If the k-th element is equal to the pivot you can swap it into the end of the equal section much as the original pivot function works. If the k-th element is less than the pivot, you can first swap it into the beginning of the equal section (and bump less), then swap the new k-th element, which is now equal to the pivot, into the end of the equal section (bumping equal). You'll probably need to think about this to get it right. To initialize less and equal note that there will be one element equal to the pivot (that's the pivot element) and NO elements less than the pivot element (so less must be initialized to a location not in the range of locations being partitioned). Write a new function quicksort3 that calls Pivot3 instead of Pivot.
Check your new sorting function to make sure you haven't lost elements. Use the PrintArray function on a randomly generated vector of size 40 to make sure that your vector is sorted. Note: When quicksort is applied to small vectors (size 20 or less) it calls insertionsort, so your pivot code may not be tested unless you change the value of the constant CUTOFF to be 0.
When you've finished debugging quicksort3, run the new n log n sorts for integer vectors only using sizes 10000, 11000, 12000, 13000, 14000, 15000 using mergesort, quicksort, and quicksort3. Make sure you type sortall2 100 for your tests so that you're sorting integers constrained to be between 0 and 99.

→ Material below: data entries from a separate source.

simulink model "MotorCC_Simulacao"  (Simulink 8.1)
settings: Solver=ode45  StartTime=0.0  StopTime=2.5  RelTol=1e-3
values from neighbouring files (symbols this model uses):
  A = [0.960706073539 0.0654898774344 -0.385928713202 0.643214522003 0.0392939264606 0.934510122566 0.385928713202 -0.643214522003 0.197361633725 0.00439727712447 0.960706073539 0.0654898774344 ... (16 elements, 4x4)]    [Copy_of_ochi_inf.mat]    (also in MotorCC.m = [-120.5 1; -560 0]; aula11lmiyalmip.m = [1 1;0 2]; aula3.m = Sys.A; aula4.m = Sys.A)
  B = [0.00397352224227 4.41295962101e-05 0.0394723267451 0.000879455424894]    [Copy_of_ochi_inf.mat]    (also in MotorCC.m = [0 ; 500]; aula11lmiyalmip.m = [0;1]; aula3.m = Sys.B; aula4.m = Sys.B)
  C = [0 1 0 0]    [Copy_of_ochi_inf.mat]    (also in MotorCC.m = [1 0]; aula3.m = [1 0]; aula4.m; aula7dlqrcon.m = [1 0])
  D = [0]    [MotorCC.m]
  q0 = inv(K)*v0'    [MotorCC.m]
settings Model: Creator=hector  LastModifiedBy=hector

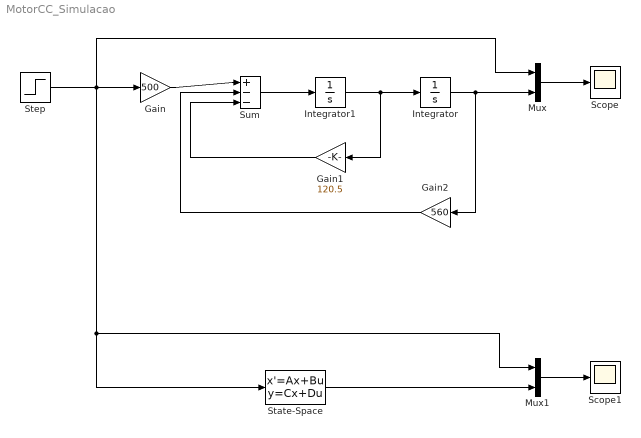
== system MotorCC_Simulacao ==
  Gain : Gain  Gain=500
  Gain1 : Gain  Gain=120.5
  Gain2 : Gain  Gain=560
  Integrator : Integrator  InitialCondition=1
  Integrator1 : Integrator  InitialCondition=2
  Mux : Mux  Inputs=2
  Mux1 : Mux  Inputs=2
  Scope : Scope
  Scope1 : Scope
  State-Space : StateSpace  A=A  B=B  C=C  D=D  X0=q0
  Step : Step  Time=0  SampleTime=0
  Sum : Sum  Inputs=|+--
  wires:
  Sum/1 -> Integrator1/1
  Integrator1/1 -> Integrator/1, Gain1/1
  Step/1 -> Gain/1, Mux/1, State-Space/1, Mux1/1
  Integrator/1 -> Gain2/1, Mux/2
  Gain1/1 -> Sum/3
  Gain2/1 -> Sum/2
  Mux/1 -> Scope/1
  Gain/1 -> Sum/1
  Mux1/1 -> Scope1/1
  State-Space/1 -> Mux1/2
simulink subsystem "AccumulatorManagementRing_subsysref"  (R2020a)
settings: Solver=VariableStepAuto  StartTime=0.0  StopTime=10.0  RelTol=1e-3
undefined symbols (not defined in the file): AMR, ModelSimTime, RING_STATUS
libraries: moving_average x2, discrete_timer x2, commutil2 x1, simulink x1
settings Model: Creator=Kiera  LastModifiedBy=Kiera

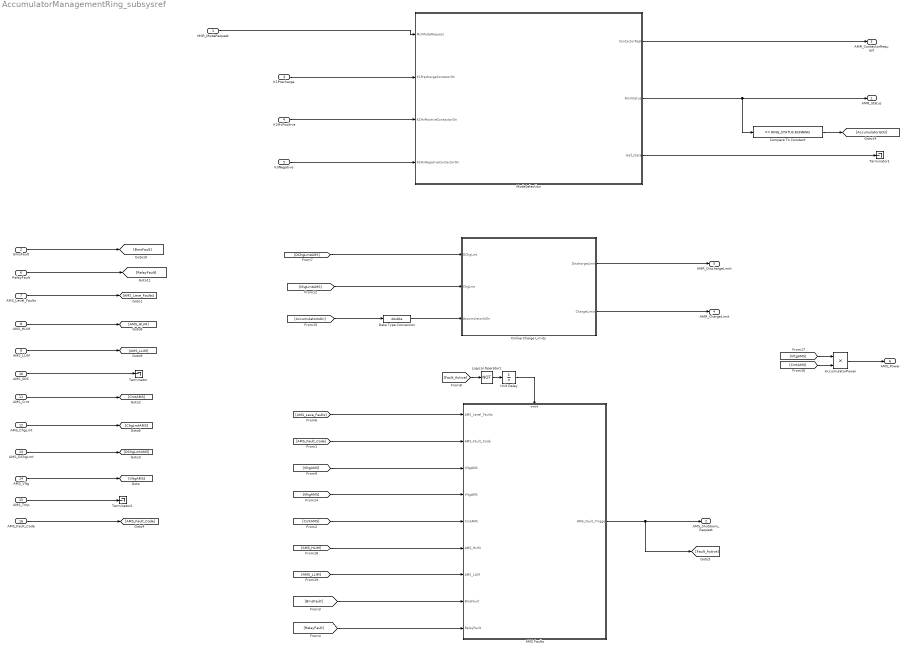
== system AccumulatorManagementRing_subsysref ==
  MSR_ModeRequest : Inport  RequirementInfo={} %GIDa_707f7e82_1f57_4317_ba83_f20165482cb4
  BmsFault : Inport  RequirementInfo={} %GIDa_99073bb8_8a3f_4198_820b_cfed4937f444  Port=2
  K1Precharge : Inport  RequirementInfo={} %GIDa_8ee29291_ac74_414d_92fe_21bcfc0c35a4  Port=3
  K2HvPositive : Inport  RequirementInfo={} %GIDa_da0d983c_f2ea_45ef_a3b7_deb856c8ae35  Port=4
  K3Negative : Inport  RequirementInfo={} %GIDa_ed5ed957_f754_4b23_bba6_8a6103de0f19  Port=5
  RelayFault : Inport  RequirementInfo={} %GIDa_ece7a76e_8156_40bc_8fe3_34ff155077e3  Port=6
  AMS_Level_Faults : Inport  RequirementInfo={} %GIDa_7ec4d0d6_7ab5_4dc4_9306_e68362cefccf  Port=7  OutDataTypeStr=uint8
  AMS_HLIM : Inport  RequirementInfo={} %GIDa_27fe7a2d_aa13_4a1d_a2c2_3f40f9dc34cc  Port=8
  AMS_LLIM : Inport  RequirementInfo={} %GIDa_1b656daa_552d_483a_8171_6e72ee90ea1d  Port=9
  AMS_SOC : Inport  RequirementInfo={} %GIDa_37fa27f2_32e3_4188_a0d8_227b6f3dd6a8  Port=10
  AMS_Crnt : Inport  RequirementInfo={} %GIDa_c46e000c_5bfa_45ad_8d8a_3ba1d49f68a6  Port=11
  AMS_ChgLmt : Inport  RequirementInfo={} %GIDa_cc1acfc0_07ee_4517_8e64_fe1326b8f01e  Port=12  OutDataTypeStr=double
  AMS_DChgLmt : Inport  RequirementInfo={} %GIDa_96ab930e_bb91_4e33_9780_3e7fc3738b34  Port=13  OutDataTypeStr=double
  AMS_Vltg : Inport  RequirementInfo={} %GIDa_2016b097_55f3_47f0_a7ad_315462987813  Port=14
  AMS_Tmp : Inport  RequirementInfo={} %GIDa_77dae94c_b313_4949_be3d_a94a36804f0e  Port=15
  AMS_Fault_Code : Inport  RequirementInfo={} %GIDa_6c4cc22a_f990_42ed_a23c_3cee6dccf86d  Port=16  OutDataTypeStr=uint8
  " ModeSelection" : Stateflow chart  RequirementInfo={} %GIDa_a096134c_4b71_44ca_8b93_4c11c62b7f49  TreatAsAtomicUnit=on
  AMS Faults : Subsystem  RequirementInfo={} %GIDa_d4f403b1_51e7_4ccc_bdca_545d4acd8941
  AccumulatorPower : Product  RequirementInfo={} %GIDa_e046f157_11bf_4661_9472_3b0a4da84df8
  Compare To Constant : simulink/Logic and Bit Operations/Compare To Constant  relop===  const=RING_STATUS.RUNNING  OutDataTypeStr=boolean
  Data Type Conversion : DataTypeConversion  RequirementInfo={} %GIDa_8ceb1c07_8cfc_4b92_8da2_d1080dfa1b56  OutDataTypeStr=double
  Logical Operator1 : Logic  RequirementInfo={} %GIDa_05af19c6_7032_4869_992b_9d906616b0d9  Operator=NOT  AllPortsSameDT=off  OutDataTypeStr=boolean
  Online Charge Limits : Subsystem  RequirementInfo={'linktype_rmi_slreq' 'AmrRequirements.slreqx' '3' 'true' 'Checks Voltage (AmrRequirements#3)' '' } %GIDa_b8824ce6_1bf8_4ced_8633_7304403eefc3
  Terminator : Terminator
      settings: RequirementInfo={} %GIDa_b0f769aa_c909_43b3_ae21_8f787d138f48
  Terminator1 : Terminator
      settings: RequirementInfo={} %GIDa_0f881a05_a580_4d46_9939_f06e6a6f1128
  Terminator2 : Terminator
      settings: RequirementInfo={} %GIDa_47c18584_9fb7_46d4_b73f_bd4de39157eb
  Unit Delay : UnitDelay  RequirementInfo={} %GIDa_2608e194_dac7_44b8_8e49_fc2e06511837  SampleTime=-1  HasFrameUpgradeWarning=on
  AMR_Status : Outport  RequirementInfo={} %GIDa_8de4b995_749e_4c4c_afbc_3fa3bf134919  VectorParamsAs1DForOutWhenUnconnected=off
  AMS_Shutdown_Request : Outport  RequirementInfo={} %GIDa_0ae9fa20_6cc3_411d_ba6b_023417513ac9  Port=2  VectorParamsAs1DForOutWhenUnconnected=off
  AMR_ContactorRequest : Outport  RequirementInfo={} %GIDa_2e1744d9_8f28_4491_9f6a_543804bfa97a  Port=3  VectorParamsAs1DForOutWhenUnconnected=off
  AMR_ChargeLimit : Outport  RequirementInfo={} %GIDa_b6207ed3_6282_4168_b685_e6f38b5ce99f  Port=4  VectorParamsAs1DForOutWhenUnconnected=off
  AMR_DischargeLimit : Outport  RequirementInfo={} %GIDa_6aff832c_991b_419e_a563_e35d0ab09dd6  Port=5  VectorParamsAs1DForOutWhenUnconnected=off
  AMS_Power : Outport  RequirementInfo={} %GIDa_5c1d55a2_9c3b_4dcb_ab01_704b593d1249  Port=6  VectorParamsAs1DForOutWhenUnconnected=off
  wires:
  Unit Delay/1 -> AMS Faults/Enable
  K2HvPositive/1 -> " ModeSelection"/3(K2HvPositiveContactorOn)
  AMS_ChgLmt/1 -> [ChgLmtAMS]
  K1Precharge/1 -> " ModeSelection"/2(K1PrechargeContatorOn)
  [CrntAMS] -> AMS Faults/5(CrntAMS)
  [AMS_Leve_Faults] -> AMS Faults/1(AMS_Level_Faults)
  Logical Operator1/1 -> Unit Delay/1
  [RelayFault] -> AMS Faults/9(RelayFault)
  AMS Faults/1("AMS_Fault_Trigger ") -> AMS_Shutdown_Request/1, [Fault_Active]
  [BmsFault] -> AMS Faults/8(BmsFault)
  RelayFault/1 -> [RelayFault]
  [AMS_Fault_Code] -> AMS Faults/2(AMS_Fault_Code)
  BmsFault/1 -> [BmsFault]
  Data Type Conversion/1 -> Online Charge Limits/3(AccumulatorIsOn)
  [VltgAMS] -> AMS Faults/4(VltgAMS)
  Compare To Constant/1 -> [AccumulatorIsOn]
  [Fault_Active] -> Logical Operator1/1
  AccumulatorPower/1 -> AMS_Power/1
  AMS_Vltg/1 -> [VltgAMS]
  AMS_SOC/1 -> Terminator/1
  MSR_ModeRequest/1 -> " ModeSelection"/1(MsrModeRequest)
  " ModeSelection"/3(leaf_state) -> Terminator1/1
  Online Charge Limits/2(ChargeLimit) -> AMR_ChargeLimit/1
  [AMS_HLIM] -> AMS Faults/6(AMS_HLIM)
  [ChgLmtAMS] -> Online Charge Limits/2(ChgLmt)
  [DChgLmtAMS] -> Online Charge Limits/1(DChgLmt)
  AMS_LLIM/1 -> [AMS_LLIM]
  [VltgAMS] -> AMS Faults/3("VltgAMS ")
  [AccumulatorIsOn] -> Data Type Conversion/1
  " ModeSelection"/2(AmrStatus) -> Compare To Constant/1, AMR_Status/1
  AMS_Fault_Code/1 -> [AMS_Fault_Code]
  AMS_DChgLmt/1 -> [DChgLmtAMS]
  [AMS_LLIM] -> AMS Faults/7(AMS_LLIM)
  AMS_Tmp/1 -> Terminator2/1
  Online Charge Limits/1(DischargeLimit) -> AMR_DischargeLimit/1
  " ModeSelection"/1(ContactorRqst) -> AMR_ContactorRequest/1
  AMS_Level_Faults/1 -> [AMS_Leve_Faults]
  AMS_Crnt/1 -> [CrntAMS]
  [VltgAMS] -> AccumulatorPower/1
  K3Negative/1 -> " ModeSelection"/4(K3HvNegativeContactorOn)
  [CrntAMS] -> AccumulatorPower/2
  AMS_HLIM/1 -> [AMS_HLIM]

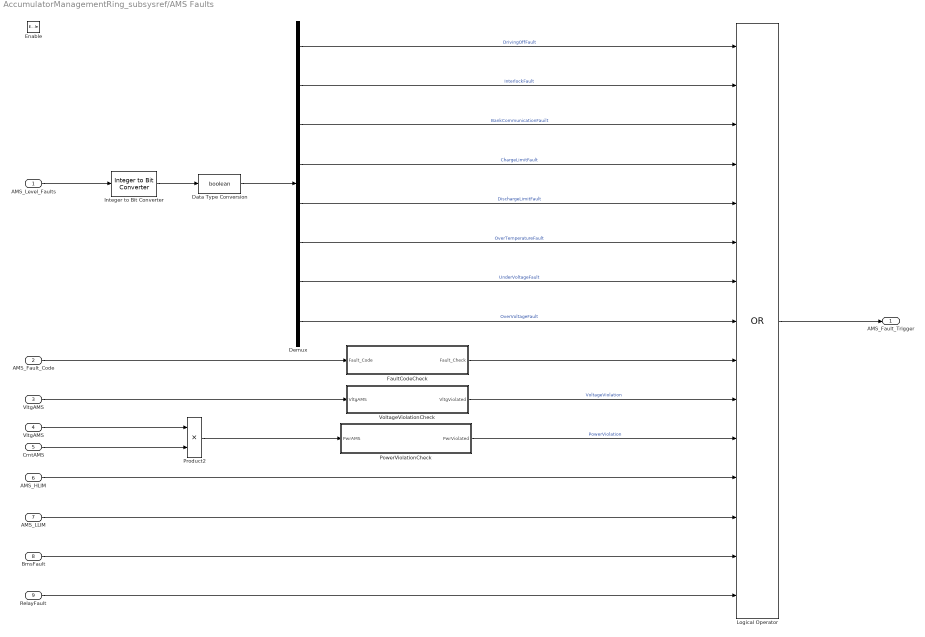
== system AccumulatorManagementRing_subsysref/AMS Faults ==
  AMS_Level_Faults : Inport  RequirementInfo={} %GIDa_e0aa747c_ba5b_40eb_b723_0b9efbfcd836
  AMS_Fault_Code : Inport  RequirementInfo={} %GIDa_0ce65da5_0176_4ad7_9433_4bafd1cb0cc0  Port=2
  "VltgAMS " : Inport  RequirementInfo={} %GIDa_16765c4f_aed4_4f03_8ea8_e83820a37110  Port=3
  VltgAMS : Inport  RequirementInfo={} %GIDa_2ff50595_b0bb_403d_9a6f_26094e66622e  Port=4
  CrntAMS : Inport  RequirementInfo={} %GIDa_b2853c49_3d6b_4e00_935d_399f01de6206  Port=5
  AMS_HLIM : Inport  RequirementInfo={} %GIDa_57aba87d_602d_415f_9ccf_9082aa6107e6  Port=6
  AMS_LLIM : Inport  RequirementInfo={} %GIDa_711fc5be_7daf_4273_b649_f557f235f411  Port=7
  BmsFault : Inport  RequirementInfo={} %GIDa_9d859fbf_f12d_4c50_9b90_e59e5f90d7f1  Port=8
  RelayFault : Inport  RequirementInfo={} %GIDa_41ac8945_f063_4f40_90f4_7400c54ef034  Port=9
  Enable : EnablePort  RequirementInfo={} %GIDa_97d485e2_6103_4895_b31c_550f181b7117
  Data Type Conversion : DataTypeConversion  RequirementInfo={} %GIDa_5c9141ea_0ff7_49ad_bba4_f9bfb3a7a1e2  OutDataTypeStr=boolean
  Demux : Demux  RequirementInfo={} %GIDa_221c6b5a_cf4a_4757_bb19_40a7011ba5d5  Outputs=8
  FaultCodeCheck : Subsystem  RequirementInfo={} %GIDa_864cb63c_e5e9_4231_b8d7_1003b5a76e85
  Integer to Bit Converter : commutil2/Integer to Bit Converter  RequirementInfo={} %GIDa_7c43af0b_e99f_4b9e_99bd_f0926f09c729  nbits=8  signedInputValues=Unsigned  bitOrder=LSB first  outDtype=Inherit via internal rule
  Logical Operator : Logic  RequirementInfo={} %GIDa_17e4bb28_e737_45cb_8170_889f61b36965  Operator=OR  Inputs=15  AllPortsSameDT=off  OutDataTypeStr=boolean
  "PowerViolationCheck " : Subsystem  RequirementInfo={} %GIDa_abf1642e_4fd0_4974_b913_3294f86b6ad1
  Product2 : Product  RequirementInfo={} %GIDa_4829654b_2af4_48c3_8d35_7114d49d1942
  VoltageViolationCheck : Subsystem  RequirementInfo={} %GIDa_caa66ec5_5711_49d5_b1f9_896aea5d9348
  "AMS_Fault_Trigger " : Outport  RequirementInfo={} %GIDa_38164578_59d1_49cd_8022_3d2d3f1a8b39  VectorParamsAs1DForOutWhenUnconnected=off
  wires:
  Integer to Bit Converter/1 -> Data Type Conversion/1
  AMS_Level_Faults/1 -> Integer to Bit Converter/1
  Data Type Conversion/1 -> Demux/1
  AMS_Fault_Code/1 -> FaultCodeCheck/1(Fault_Code)
  Product2/1 -> "PowerViolationCheck "/1(PwrAMS)
  VltgAMS/1 -> Product2/1
  "VltgAMS "/1 -> VoltageViolationCheck/1(VltgAMS)
  CrntAMS/1 -> Product2/2
  Demux/1 -> Logical Operator/1  "DrivingOffFault"
  Demux/2 -> Logical Operator/2  "InterlockFault"
  Demux/3 -> Logical Operator/3  "BankCommunicationFauilt"
  Demux/4 -> Logical Operator/4  "ChargeLimitFault"
  Demux/5 -> Logical Operator/5  "DischargeLimitFault"
  Demux/6 -> Logical Operator/6  "OverTemperatureFault"
  Demux/7 -> Logical Operator/7  "UnderVoltageFault"
  Demux/8 -> Logical Operator/8  "OverVoltageFault"
  FaultCodeCheck/1(Fault_Check) -> Logical Operator/9
  VoltageViolationCheck/1(VltgViolated) -> Logical Operator/10  "VoltageViolation"
  "PowerViolationCheck "/1(PwrViolated) -> Logical Operator/11  "PowerViolation"
  Logical Operator/1 -> "AMS_Fault_Trigger "/1
  AMS_HLIM/1 -> Logical Operator/12
  AMS_LLIM/1 -> Logical Operator/13
  BmsFault/1 -> Logical Operator/14
  RelayFault/1 -> Logical Operator/15

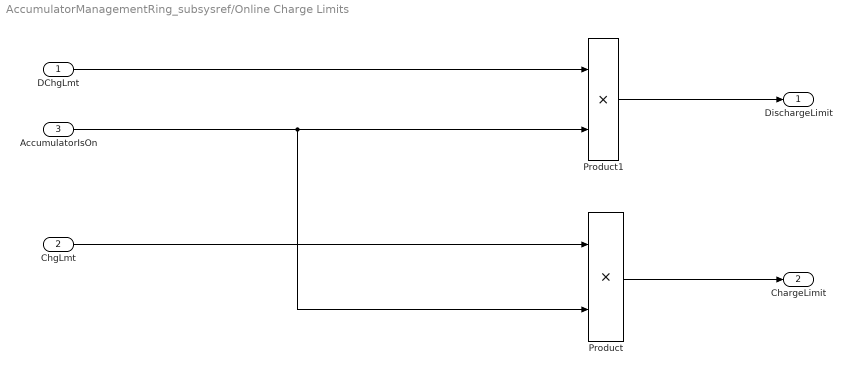
== system AccumulatorManagementRing_subsysref/Online Charge Limits ==
  DChgLmt : Inport  RequirementInfo={} %GIDa_365715b9_38a1_4f91_99b2_dba1e028ba9d
  ChgLmt : Inport  RequirementInfo={} %GIDa_4459bc43_4753_44df_a821_233b41f898ac  Port=2
  AccumulatorIsOn : Inport  RequirementInfo={} %GIDa_5f533cce_dc63_4241_a88f_dcb6e64eec05  Port=3
  Product : Product  RequirementInfo={} %GIDa_dd5b4ffe_4cc2_4dc7_97fb_fb0363f245db
  Product1 : Product  RequirementInfo={} %GIDa_a2aaec0c_b480_4bee_a4ba_58ab46f570bf
  DischargeLimit : Outport  RequirementInfo={} %GIDa_bab987c6_0aa0_4acd_992d_1be6464b7e53  VectorParamsAs1DForOutWhenUnconnected=off
  ChargeLimit : Outport  RequirementInfo={} %GIDa_1f63c40f_9b8f_4f81_9e04_f3fa4adf6511  Port=2  VectorParamsAs1DForOutWhenUnconnected=off
  wires:
  AccumulatorIsOn/1 -> Product/2, Product1/2
  ChgLmt/1 -> Product/1
  Product/1 -> ChargeLimit/1
  DChgLmt/1 -> Product1/1
  Product1/1 -> DischargeLimit/1

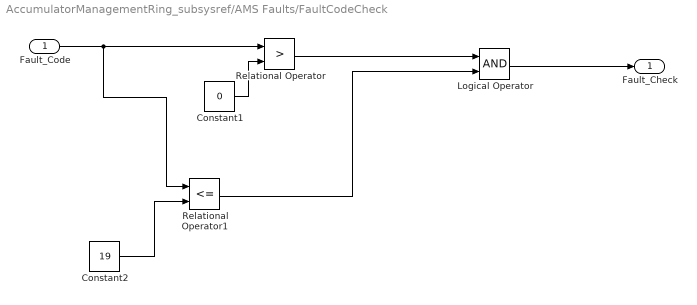
== system AccumulatorManagementRing_subsysref/AMS Faults/FaultCodeCheck ==
  Fault_Code : Inport  RequirementInfo={} %GIDa_08cc9594_68f8_46b6_ae36_619b9983c707
  Constant1 : Constant  RequirementInfo={} %GIDa_44fedb71_3525_4aa7_a046_07e76cab7cf7  Value=0
  Constant2 : Constant  RequirementInfo={} %GIDa_ecb20799_8931_46d6_9b6d_78defff3dc69  Value=19
  Logical Operator : Logic  RequirementInfo={} %GIDa_974e838d_edcc_428d_af46_c097c4445dfb  AllPortsSameDT=off  OutDataTypeStr=boolean
  Relational Operator : RelationalOperator  RequirementInfo={} %GIDa_fc61807c_a972_402d_a1fc_7824d6d4bc63  Operator=>  OutDataTypeStr=boolean  RndMeth=Simplest
  Relational Operator1 : RelationalOperator  RequirementInfo={} %GIDa_436b65fa_949c_4445_b41b_812697c81fd2  Operator=<=  OutDataTypeStr=boolean  RndMeth=Simplest
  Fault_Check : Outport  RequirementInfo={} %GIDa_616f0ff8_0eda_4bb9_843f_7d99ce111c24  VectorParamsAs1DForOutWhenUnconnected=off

submit100e lab8.N README sortall.cc sortall2.cc
You can enter the files in any order.
Remember that every assignment must have a README file submitted with it (please use all capital letters). Include your name, the date, and an estimate of how long you worked on the assignment in the README file. You must also include a list of names of all those people with whom you collaborated on the assignment.
In your README file you should include the output generated by your sorting programs and an explanation of why quicksort does so badly when the numbers sorted are constrained to be less than 100 and why the modified partition code improves the timings.
You also must turn in the inlab questions either by turning in the sheet during lab or by submitting the answers with your README.
Submit a README file with the timings, and turn in a hardcopy of a graph comparing the two sorts --- use gnuplot or some other plotting program, use submit108 lab8.1.xtra (substitute your section number for 1).